*EXERCISE PROMPT*:
Note the line where "#6783 = PLANE" appears in the data below; write it out exactly, along with every line that comes after it to the end.
======== EXTRACTED DATA ========
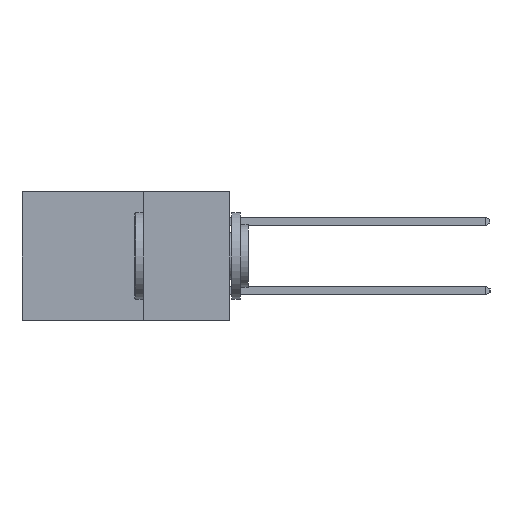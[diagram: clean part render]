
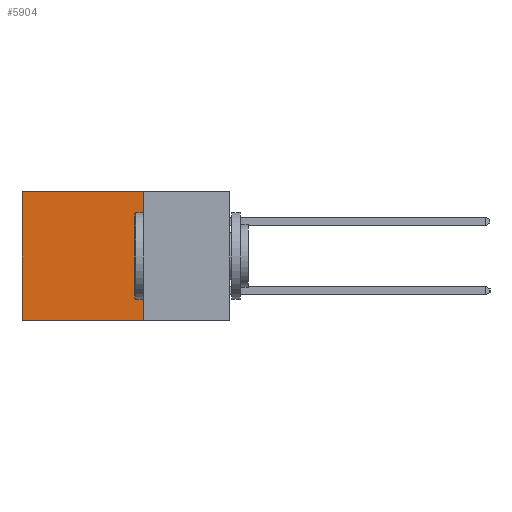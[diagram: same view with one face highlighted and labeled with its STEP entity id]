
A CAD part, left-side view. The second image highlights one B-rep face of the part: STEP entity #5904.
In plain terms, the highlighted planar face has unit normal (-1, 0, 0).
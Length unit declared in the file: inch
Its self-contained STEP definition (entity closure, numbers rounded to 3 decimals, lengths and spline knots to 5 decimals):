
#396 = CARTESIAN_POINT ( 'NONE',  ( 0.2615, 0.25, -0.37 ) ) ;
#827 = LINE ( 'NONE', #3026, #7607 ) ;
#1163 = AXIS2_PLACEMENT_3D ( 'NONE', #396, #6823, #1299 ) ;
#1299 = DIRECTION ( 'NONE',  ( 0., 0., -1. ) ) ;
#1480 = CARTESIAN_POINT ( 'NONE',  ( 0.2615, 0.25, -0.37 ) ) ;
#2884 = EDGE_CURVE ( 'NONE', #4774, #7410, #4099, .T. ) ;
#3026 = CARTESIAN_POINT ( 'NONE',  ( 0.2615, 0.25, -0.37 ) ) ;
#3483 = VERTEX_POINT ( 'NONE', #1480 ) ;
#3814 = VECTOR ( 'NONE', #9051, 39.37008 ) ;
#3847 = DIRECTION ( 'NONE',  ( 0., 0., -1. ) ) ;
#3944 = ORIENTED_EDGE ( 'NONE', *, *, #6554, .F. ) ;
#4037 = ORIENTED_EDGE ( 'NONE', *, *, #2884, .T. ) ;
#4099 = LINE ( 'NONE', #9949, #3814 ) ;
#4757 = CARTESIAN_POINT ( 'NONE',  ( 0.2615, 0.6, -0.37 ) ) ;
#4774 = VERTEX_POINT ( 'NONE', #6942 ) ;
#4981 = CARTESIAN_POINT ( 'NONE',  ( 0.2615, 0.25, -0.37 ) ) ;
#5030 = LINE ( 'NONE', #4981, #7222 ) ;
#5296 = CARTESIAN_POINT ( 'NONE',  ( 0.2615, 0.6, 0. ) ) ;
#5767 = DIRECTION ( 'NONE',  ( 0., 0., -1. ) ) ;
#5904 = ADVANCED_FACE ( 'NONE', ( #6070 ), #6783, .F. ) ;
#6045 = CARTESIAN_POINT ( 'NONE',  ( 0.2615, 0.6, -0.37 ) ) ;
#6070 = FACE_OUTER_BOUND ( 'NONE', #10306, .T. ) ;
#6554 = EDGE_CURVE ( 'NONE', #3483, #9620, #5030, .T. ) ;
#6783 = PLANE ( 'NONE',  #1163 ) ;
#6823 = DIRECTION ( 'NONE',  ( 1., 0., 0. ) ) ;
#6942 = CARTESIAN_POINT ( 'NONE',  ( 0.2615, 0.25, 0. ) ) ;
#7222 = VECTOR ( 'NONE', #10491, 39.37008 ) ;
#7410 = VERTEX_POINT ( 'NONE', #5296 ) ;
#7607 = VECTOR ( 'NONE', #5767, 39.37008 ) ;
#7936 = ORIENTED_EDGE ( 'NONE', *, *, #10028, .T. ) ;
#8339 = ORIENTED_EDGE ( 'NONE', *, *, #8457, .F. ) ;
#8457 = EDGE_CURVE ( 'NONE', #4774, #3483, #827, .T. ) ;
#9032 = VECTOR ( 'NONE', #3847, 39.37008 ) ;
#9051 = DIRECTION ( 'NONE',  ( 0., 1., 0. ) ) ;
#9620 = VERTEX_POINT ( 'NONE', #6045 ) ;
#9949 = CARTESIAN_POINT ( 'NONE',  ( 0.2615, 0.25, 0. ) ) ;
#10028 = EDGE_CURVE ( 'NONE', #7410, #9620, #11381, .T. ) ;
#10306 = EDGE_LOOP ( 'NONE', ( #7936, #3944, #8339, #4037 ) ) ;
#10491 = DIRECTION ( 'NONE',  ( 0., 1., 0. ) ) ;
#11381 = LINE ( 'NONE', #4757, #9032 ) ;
========
*ANSWER SECTION*:
#6783 = PLANE ( 'NONE',  #1163 ) ;
#6823 = DIRECTION ( 'NONE',  ( 1., 0., 0. ) ) ;
#6942 = CARTESIAN_POINT ( 'NONE',  ( 0.2615, 0.25, 0. ) ) ;
#7222 = VECTOR ( 'NONE', #10491, 39.37008 ) ;
#7410 = VERTEX_POINT ( 'NONE', #5296 ) ;
#7607 = VECTOR ( 'NONE', #5767, 39.37008 ) ;
#7936 = ORIENTED_EDGE ( 'NONE', *, *, #10028, .T. ) ;
#8339 = ORIENTED_EDGE ( 'NONE', *, *, #8457, .F. ) ;
#8457 = EDGE_CURVE ( 'NONE', #4774, #3483, #827, .T. ) ;
#9032 = VECTOR ( 'NONE', #3847, 39.37008 ) ;
#9051 = DIRECTION ( 'NONE',  ( 0., 1., 0. ) ) ;
#9620 = VERTEX_POINT ( 'NONE', #6045 ) ;
#9949 = CARTESIAN_POINT ( 'NONE',  ( 0.2615, 0.25, 0. ) ) ;
#10028 = EDGE_CURVE ( 'NONE', #7410, #9620, #11381, .T. ) ;
#10306 = EDGE_LOOP ( 'NONE', ( #7936, #3944, #8339, #4037 ) ) ;
#10491 = DIRECTION ( 'NONE',  ( 0., 1., 0. ) ) ;
#11381 = LINE ( 'NONE', #4757, #9032 ) ;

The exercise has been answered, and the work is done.